My mom was quite the character and always had an edgy sense of humor. We were all sitting on the sprawling porch when my sister’s friends pulled up, got out of the car and approached us. At first my mom did not recognize them now that they had showered and changed out of their swim trunks. When she finally recognized who they were, she laughed and said, “Sorry. I didn’t recognize you with your clothes on.” Everyone laughed except a couple of very prim and proper ladies sitting on the porch.

We all piled in the car and drove to what I think was a Shakey’s pizza parlor. On the ride back, I sat by Pete. I was overwhelmed  with feelings I had never experienced. That evening, back at the beach, we sat on the steps and he sang to me – “Tell Laura I Love Her” is the song I remember most. What a wonderful voice he had. We sat on those steps as night fell and the stars came out – then he had to go.

We left the following day and went to my grandparents’ home in Virginia. When we arrived I had a terrible sunburn. I was blistered, but all I could think about was Pete. My sunburn was so bad my grandmother had me lie on the bed upstairs. She brewed strong tea, cooled it, and soaked towels in the tea to use as compresses on my back. I laid on the bed all day and cried my eyes out. Everyone thought it was the sunburn, but it wasn’t.
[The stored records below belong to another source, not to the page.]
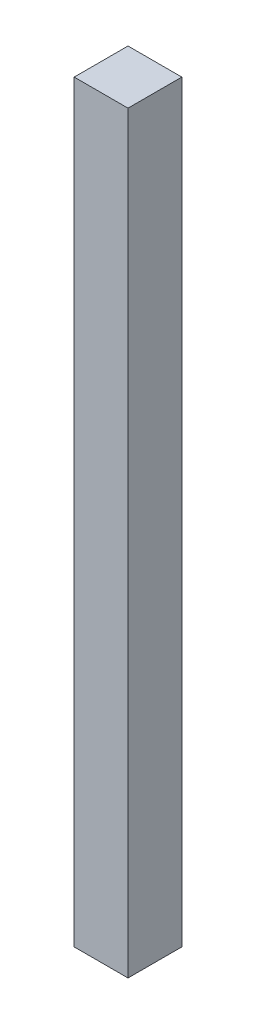
from build123d import *

# Parameters (mm, degrees)
SKETCH1_W           = 5
SKETCH1_H           = 5
BOSS_EXTRUDE1_DEPTH = 70


with BuildPart() as part:
    # Sketch1 → Boss-Extrude1 (new body)
    with BuildSketch(Plane(origin=(0, 0, 0), x_dir=(1, 0, 0), z_dir=(0, 1, 0))):
        with Locations((2.5, -2.5)):
            Rectangle(SKETCH1_W, SKETCH1_H)
    extrude(amount=BOSS_EXTRUDE1_DEPTH)


solid = part.part
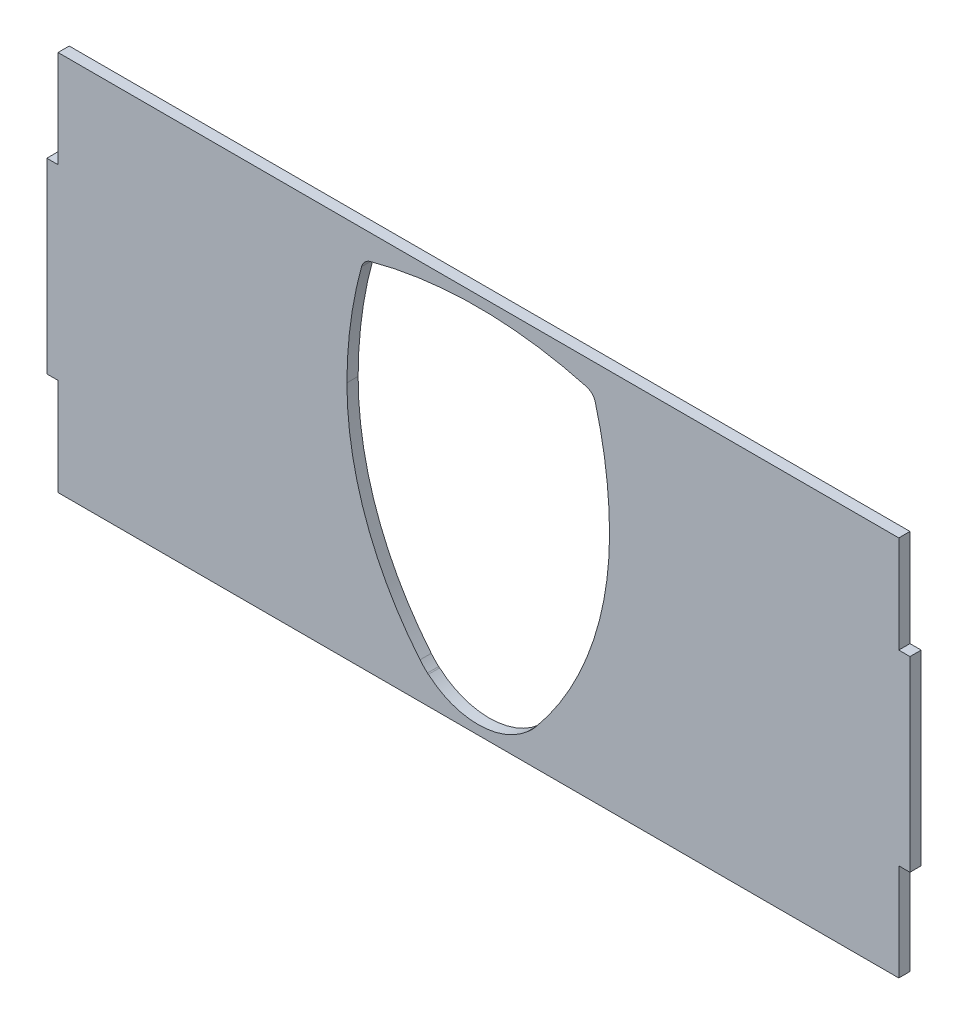
from build123d import *

# Parameters (mm, degrees)
BOSS_EXTRUDE1_DEPTH = 3


with BuildPart() as part:
    # Sketch1 → Boss-Extrude1 (new body)
    with BuildSketch(Plane.XY):
        Polygon((-112.34268018, 49.584121622), (-112.34268018, 23.584121622), (-115.34268018, 23.584121622), (-115.34268018, -26.415878378), (-112.34268018, -26.415878378), (-112.34268018, -52.415878378), (112.65731982, -52.415878378), (112.65731982, -26.415878378), (115.65731982, -26.415878378), (115.65731982, 23.584121622), (112.65731982, 23.584121622), (112.65731982, 49.584121622), align=None)
        with BuildLine():
            Line((13.274286272, -45.008836488), (13.301852176, -45.03203797))
            add(Edge.make_bspline(
                [(13.301852176, -45.03203797), (13.302434824, -45.031895887), (13.303594926, -45.031612989), (13.310345597, -45.026788399), (13.327424294, -45.013559601), (13.368373413, -44.979806794), (13.432345907, -44.924692433), (13.489247142, -44.874546261), (13.518732521, -44.84808225), (13.533463875, -44.834860418)],
                knots=[0, 0, 0, 0, 0.083775212, 0.166803477, 0.250583378, 0.499711324, 0.748903893, 0.874548479, 1, 1, 1, 1], degree=3))
            ThreePointArc((13.533463875, -44.834860418), (14.561847159, -43.83964014), (15.516962395, -42.773905432))
            ThreePointArc((15.516962395, -42.773905432), (30.145326147, -17.328936846), (35.253292189, 11.573383741))
            ThreePointArc((35.253292189, 11.573383741), (34.303607008, 26.14987852), (31.427393187, 40.471313366))
            ThreePointArc((31.427393187, 40.471313366), (30.556136604, 41.977838946), (29.052246095, 42.853636122))
            ThreePointArc((29.052246095, 42.853636122), (0.16598909, 46.766690687), (-28.731940535, 42.940791684))
            ThreePointArc((-28.731940535, 42.940791684), (-30.238466115, 42.069535101), (-31.114263292, 40.565644593))
            ThreePointArc((-31.114263292, 40.565644593), (-34.033665807, 26.252951242), (-35.027317855, 11.679387588))
            ThreePointArc((-35.027317855, 11.679387588), (-30.00656127, -17.238210094), (-15.455020905, -42.727190564))
            ThreePointArc((-15.455020905, -42.727190564), (-14.50312489, -43.795801606), (-13.477748449, -44.794119559))
            add(Edge.make_bspline(
                [(-13.477748449, -44.794119559), (-13.467950877, -44.802979196), (-13.448447729, -44.820615282), (-13.419486181, -44.846490582), (-13.372927905, -44.887713721), (-13.313203528, -44.93946889), (-13.269741808, -44.975508675), (-13.250245048, -44.990563249), (-13.247902102, -44.991518213), (-13.246732606, -44.991994889)],
                knots=[0, 0, 0, 0, 0.083817862, 0.166848714, 0.250507589, 0.499664298, 0.748829297, 0.874626478, 1, 1, 1, 1], degree=3))
            Line((-13.246732606, -44.991994889), (-13.219096838, -44.968876668))
            ThreePointArc((-13.219096838, -44.968876668), (0.020078677, -49.971995234), (13.274286272, -45.008836488))
        make_face(mode=Mode.SUBTRACT)
    extrude(amount=BOSS_EXTRUDE1_DEPTH)


solid = part.part

It was a broken heart.

I never saw Pete again, but I did talk to him years later when I was in the Air Force. The Air Force had a personnel locator service so people could find each other after they were separated by a change in duty stations. I managed to get his phone number and called him. I can remember the conversation as if it were yesterday. He was shocked to hear from me. He was touched and surprised that I called and was truly surprised to learn how I felt about him a just few years earlier.

Years later I am glad it was what it was and we never saw each other again, but I definitely did not feel that way then. It will always remains a beautiful unblemished memory of my first ‘real’ love and the pain of my first crushing heartbreak.